2021 shortlist for Robbie Robertson Dartmouth Book Award (Non-Fiction) shines light on hardship and resilience
Image Credit: Atlantic Book Awards
Nonfiction works shortlisted for the Robbie Robertson Dartmouth Book Award in 2021 tell stories of hardship, resilience, and community.
Blood in the Water: A True Story of Revenge in the Maritimes by Silver Donald Cameron, Acadian Driftwood: One Family and the Great Expulsion by Tyler LeBlanc, and Peace by Chocolate: The Hadhad Family’s Remarkable Journey from Syria to Canada by Jon Tattrie are shortlisted for the Robbie Robertson Dartmouth Book Award in 2021.
Local fishing community tells its story
Blood in the Water: A True Story of Revenge in the Maritimes by Silver Donald Cameron follows the story of Philip Boudreau’s murder on Isle Madame, and the effect of violence before and after his murder on the local community. Silver Donald Cameron was an award-winning journalist and writer who passed away in June, 2020.
His work Blood in the Water was also shortlisted for the Evelyn Richardson Non-Fiction Award.
Many media outlets had covered the story; but Philip Boudreau’s murder was painted as a lobster rivalry.
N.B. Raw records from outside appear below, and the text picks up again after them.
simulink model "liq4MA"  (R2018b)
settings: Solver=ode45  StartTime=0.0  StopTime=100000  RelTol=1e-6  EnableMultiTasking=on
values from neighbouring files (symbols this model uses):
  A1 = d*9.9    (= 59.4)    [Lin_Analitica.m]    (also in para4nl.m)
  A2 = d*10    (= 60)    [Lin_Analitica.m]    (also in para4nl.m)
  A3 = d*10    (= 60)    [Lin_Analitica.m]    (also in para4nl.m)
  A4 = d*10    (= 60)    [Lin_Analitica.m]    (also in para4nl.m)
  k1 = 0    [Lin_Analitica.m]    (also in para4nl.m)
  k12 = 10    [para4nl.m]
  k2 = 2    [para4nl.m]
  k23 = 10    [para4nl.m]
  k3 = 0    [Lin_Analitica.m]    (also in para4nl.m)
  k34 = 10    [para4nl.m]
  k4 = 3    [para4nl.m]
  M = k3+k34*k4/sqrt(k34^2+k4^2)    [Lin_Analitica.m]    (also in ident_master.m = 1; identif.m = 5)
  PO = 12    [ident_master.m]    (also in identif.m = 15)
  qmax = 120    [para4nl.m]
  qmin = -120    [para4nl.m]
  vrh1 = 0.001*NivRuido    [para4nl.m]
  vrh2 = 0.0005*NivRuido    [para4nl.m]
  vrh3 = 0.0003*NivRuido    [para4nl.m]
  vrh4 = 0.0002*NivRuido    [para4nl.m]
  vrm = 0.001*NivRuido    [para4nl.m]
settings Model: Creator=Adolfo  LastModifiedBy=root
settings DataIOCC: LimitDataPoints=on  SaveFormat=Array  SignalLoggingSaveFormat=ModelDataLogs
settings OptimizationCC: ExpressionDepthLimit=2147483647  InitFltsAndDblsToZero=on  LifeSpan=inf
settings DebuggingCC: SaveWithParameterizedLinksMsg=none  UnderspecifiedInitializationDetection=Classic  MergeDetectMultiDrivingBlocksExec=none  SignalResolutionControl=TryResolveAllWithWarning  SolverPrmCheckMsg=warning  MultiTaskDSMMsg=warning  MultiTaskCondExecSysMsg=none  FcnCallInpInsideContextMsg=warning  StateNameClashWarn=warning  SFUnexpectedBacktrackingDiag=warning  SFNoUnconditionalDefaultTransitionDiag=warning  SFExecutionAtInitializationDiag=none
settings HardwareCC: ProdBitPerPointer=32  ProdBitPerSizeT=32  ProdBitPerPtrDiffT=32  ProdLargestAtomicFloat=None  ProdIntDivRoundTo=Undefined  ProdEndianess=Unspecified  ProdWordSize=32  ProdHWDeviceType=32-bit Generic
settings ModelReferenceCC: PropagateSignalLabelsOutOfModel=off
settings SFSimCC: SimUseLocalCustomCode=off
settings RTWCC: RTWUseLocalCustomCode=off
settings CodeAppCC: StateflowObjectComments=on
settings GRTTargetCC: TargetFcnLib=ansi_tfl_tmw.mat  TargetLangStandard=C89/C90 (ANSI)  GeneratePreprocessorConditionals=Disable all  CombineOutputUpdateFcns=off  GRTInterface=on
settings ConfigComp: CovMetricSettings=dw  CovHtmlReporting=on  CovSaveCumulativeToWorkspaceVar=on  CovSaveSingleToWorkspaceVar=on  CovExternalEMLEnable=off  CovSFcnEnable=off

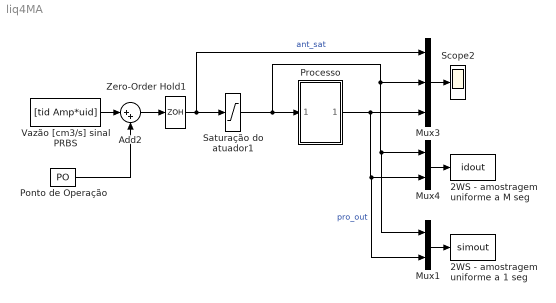
== system liq4MA ==
  2WS - amostragem uniforme a 1 seg : ToWorkspace  VariableName=simout  SaveFormat=Structure With Time  SampleTime=1
  2WS - amostragem uniforme a M seg : ToWorkspace  VariableName=idout  SaveFormat=Structure With Time  SampleTime=M
  Add2 : Sum  Inputs=|++
  Mux1 : Mux  Inputs=2
  Mux3 : Mux  Inputs=3
  Mux4 : Mux  Inputs=2
  "Ponto de Operação " : Constant  Value=PO
  Processo : Subsystem
  Saturação do atuador1 : Saturate  UpperLimit=qmax  LowerLimit=qmin
  Scope2 : Scope
  Vazão [cm3/s] sinal PRBS : FromWorkspace  VariableName=[tid Amp*uid]  SampleTime=10  Interpolate=off  OutputAfterFinalValue=Holding final value
  Zero-Order Hold1 : ZeroOrderHold  SampleTime=M
  wires:
  Mux3/1 -> Scope2/1
  Vazão [cm3/s] sinal PRBS/1 -> Add2/1
  Add2/1 -> Zero-Order Hold1/1
  "Ponto de Operação "/1 -> Add2/2
  Zero-Order Hold1/1 -> Mux3/1, Saturação do atuador1/1  "ant_sat"
  Mux4/1 -> 2WS - amostragem uniforme a M seg/1
  Saturação do atuador1/1 -> Processo/1(In1), Mux1/1, Mux4/1, Mux3/2
  Processo/1(Out1) -> Mux1/2, Mux4/2, Mux3/3  "pro_out"
  Mux1/1 -> 2WS - amostragem uniforme a 1 seg/1

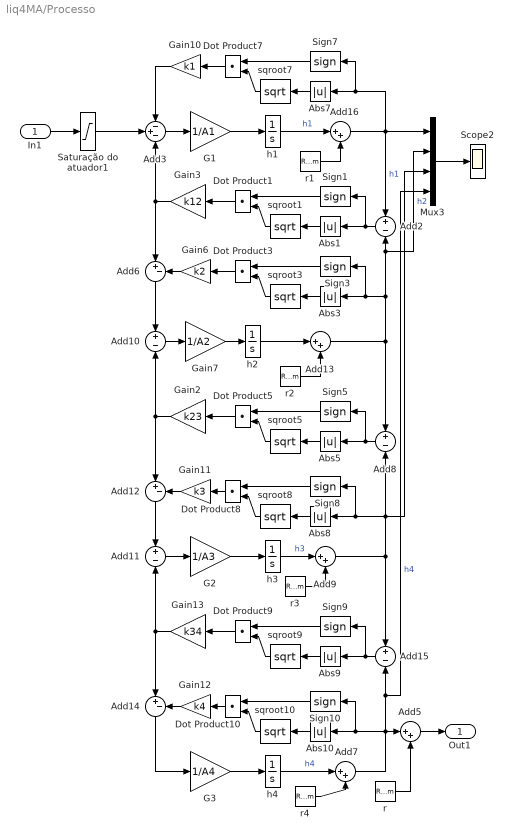
== system liq4MA/Processo ==
  In1 : Inport
  Abs{1,3,5,7..10} (7 alike) : Abs
  Add{2,8,10..11,15} (5 alike) : Sum  Inputs=+-
  Add12 : Sum  Inputs=|+-
  Add{5,7,9,13,16} (5 alike) : Sum  Inputs=|++
  Add14 : Sum  Inputs=|+-
  Add3 : Sum  Inputs=-+-
  Add6 : Sum  Inputs=|+-
  Dot Product{1,3,5,7..10} (7 alike) : DotProduct  InputSameDT=on  OutDataTypeStr=Inherit: Inherit via internal rule
  G1 : Gain  Gain=1/A1
  G2 : Gain  Gain=1/A3
  G3 : Gain  Gain=1/A4
  Gain10 : Gain  Gain=k1
  Gain11 : Gain  Gain=k3
  Gain12 : Gain  Gain=k4
  Gain13 : Gain  Gain=k34
  Gain2 : Gain  Gain=k23
  Gain3 : Gain  Gain=k12
  Gain6 : Gain  Gain=k2
  Gain7 : Gain  Gain=1/A2
  Mux3 : Mux
  Saturação do atuador1 : Saturate  UpperLimit=qmax  LowerLimit=qmin
  Scope2 : Scope
  Sign{1,3,5,7..10} (7 alike) : Signum
  h{1..4} (4 alike) : Integrator  LimitOutput=on  UpperSaturationLimit=50  LowerSaturationLimit=0
  r : RandomNumber  Variance=vrm  SampleTime=0
  r1 : RandomNumber  Variance=vrh1  Seed=400  SampleTime=0
  r2 : RandomNumber  Variance=vrh2  Seed=300  SampleTime=0
  r3 : RandomNumber  Variance=vrh3  Seed=200  SampleTime=0
  r4 : RandomNumber  Variance=vrh4  Seed=100  SampleTime=0
  sqroot{1,3,5,7..10} (7 alike) : Math  Operator=sqrt  SaturateOnIntegerOverflow=on
  Out1 : Outport
  wires:
  Add2/1 -> Abs1/1, Sign1/1
  Abs1/1 -> sqroot1/1
  Sign1/1 -> Dot Product1/1
  sqroot1/1 -> Dot Product1/2
  Dot Product1/1 -> Gain3/1
  Add3/1 -> G1/1
  Gain3/1 -> Add6/1, Add3/3
  G1/1 -> h1/1
  Abs3/1 -> sqroot3/1
  Sign3/1 -> Dot Product3/1
  sqroot3/1 -> Dot Product3/2
  Dot Product3/1 -> Gain6/1
  Gain7/1 -> h2/1
  Gain6/1 -> Add6/2
  Add8/1 -> Abs5/1, Sign5/1
  Abs5/1 -> sqroot5/1
  Sign5/1 -> Dot Product5/1
  sqroot5/1 -> Dot Product5/2
  Dot Product5/1 -> Gain2/1
  Gain2/1 -> Add10/2, Add12/1
  Abs7/1 -> sqroot7/1
  Sign7/1 -> Dot Product7/1
  sqroot7/1 -> Dot Product7/2
  Dot Product7/1 -> Gain10/1
  Gain10/1 -> Add3/1
  Add6/1 -> Add10/1
  Add10/1 -> Gain7/1
  Add11/1 -> G2/1
  G2/1 -> h3/1
  Abs8/1 -> sqroot8/1
  Sign8/1 -> Dot Product8/1
  sqroot8/1 -> Dot Product8/2
  Dot Product8/1 -> Gain11/1
  Gain11/1 -> Add12/2
  Add12/1 -> Add11/1
  Add15/1 -> Abs9/1, Sign9/1
  Abs9/1 -> sqroot9/1
  Sign9/1 -> Dot Product9/1
  sqroot9/1 -> Dot Product9/2
  Dot Product9/1 -> Gain13/1
  Gain13/1 -> Add14/1, Add11/2
  Add14/1 -> G3/1
  G3/1 -> h4/1
  Abs10/1 -> sqroot10/1
  Sign10/1 -> Dot Product10/1
  sqroot10/1 -> Dot Product10/2
  Dot Product10/1 -> Gain12/1
  Gain12/1 -> Add14/2
  r/1 -> Add5/2
  Add7/1 -> Abs10/1, Sign10/1, Mux3/4, Add15/2, Add5/1  "h4"
  h4/1 -> Add7/1  "h4"
  r4/1 -> Add7/2
  Add9/1 -> Mux3/3, Abs8/1, Sign8/1, Add8/2, Add15/1
  h3/1 -> Add9/1  "h3"
  r3/1 -> Add9/2
  Add13/1 -> Add8/1, Mux3/2, Add2/2, Abs3/1, Sign3/1  "h2"
  h2/1 -> Add13/1
  r2/1 -> Add13/2
  Add16/1 -> Mux3/1, Add2/1, Abs7/1, Sign7/1  "h1"
  h1/1 -> Add16/1  "h1"
  r1/1 -> Add16/2
  In1/1 -> Saturação do atuador1/1
  Add5/1 -> Out1/1
  Saturação do atuador1/1 -> Add3/2
  Mux3/1 -> Scope2/1

Cameron lived on Isle Madame since 1971, and his wife, Marjorie Simmins, says he was reluctant at first to start the book, but he had the support of the community.
“People trusted him, he never betrayed the trust,” Simmins says, “So he talked, obviously, to both sides of the two families, the two primary families, and then he talked to many people who grew up with Philip, who might have been neighbours who were extended family members and so on.”
Simmins says she is very proud. “He took great pleasure in the company of writers across the country, of course, but very much in his own backyard, so I know he would be delighted to be in very good company.”
Acadian Expulsion told through biography
Tyler LeBlanc’s debut book Acadian Driftwood: One Family and the Great Expulsion shares a personal account of the Acadian Expulsion, looking at his ancestors’ experiences.
“I’ve always been interested in history,” LeBlanc says, “I’ve always been curious about how things have come to be how they are; I’m a believer that looking back through history can help us move forward.”
His research started when a historian he worked with as a Cape Breton tour guide asked him about his background, LeBlanc says. Before then, he didn’t know his Acadian ancestry. His family thought their surname was adopted.
“I already knew about the Expulsion and things like that, and wondered why there wasn’t more information out there about the Expulsion or why it wasn’t included as prominently in Maritime history as it should be,” LeBlanc says. He started to make the connection with his personal history.
Acadian Driftwood has also been short-listed for the Evelyn Richardson Non-Fiction Award, the Democracy 250 Atlantic Book Award for Historical Writing and the Margaret and John Savage First Book Award for Non-Fiction.
“It’s been really humbling and flattering to know that some people out there enjoyed it,” LeBlanc says, “and it’s really nice to be recognized within the region.”
Chocolate, war and peace
In Peace by Chocolate: The Hadhad Family’s Remarkable Journey from Syria to Canada, Jon Tattrie follows the Hadhad’s story of resilience and how they rekindled their family chocolatier in Antigonish, Nova Scotia.
The Hadhad family ran a successful chocolate factory in Damascus, Syria, that shipped chocolate around the Middle East and Europe before civil war in 2012 that forced them to move to Lebanon as refugees for three years, and eventually settle in Antigonish.
“They remembered everything, and Tareq in particular, always said to himself remember all of this, so you can tell your children and grandchildren,” Tattrie says.
He first heard of their story when Carolyn Ray covered Tareq’s arrival to Canada, Tattrie says, and they later met when Tareq saw Prime Minister Justin Trudeau in November 2016.
“Underneath it, I knew it was so complex and difficult, and I really wanted to know what it was like to go through that experience, and in particular, I wanted to know what it was like for the women,” Tattrie says.
Tareq Hadhad founded Peace by Chocolate in 2016 and became the face of the company and family in the first year, but his mother and sisters also share their experiences in the book.
In 2019, during an election, the People’s Party of Canada ran an anti-immigration ad with Maxime Bernier on billboards across the country, including one on Bedford Highway with the caption ‘Say NO to Mass Immigration.’
“I realized why it didn’t really work here in Nova Scotia is because people don’t think of mass migration, they think of the Hadhad family, they think of other families we’ve come to known and different generations,” Tattrie says, “When we think of them as people, we think of the Hadhads as an individual family with a distinct story, it kind of takes the sting out of fears of mass migration.”
The Hadhad family continue their story in Nova Scotia, opening a new Peace by Chocolate location on April 8th by the waterfront in Halifax, Nova Scotia.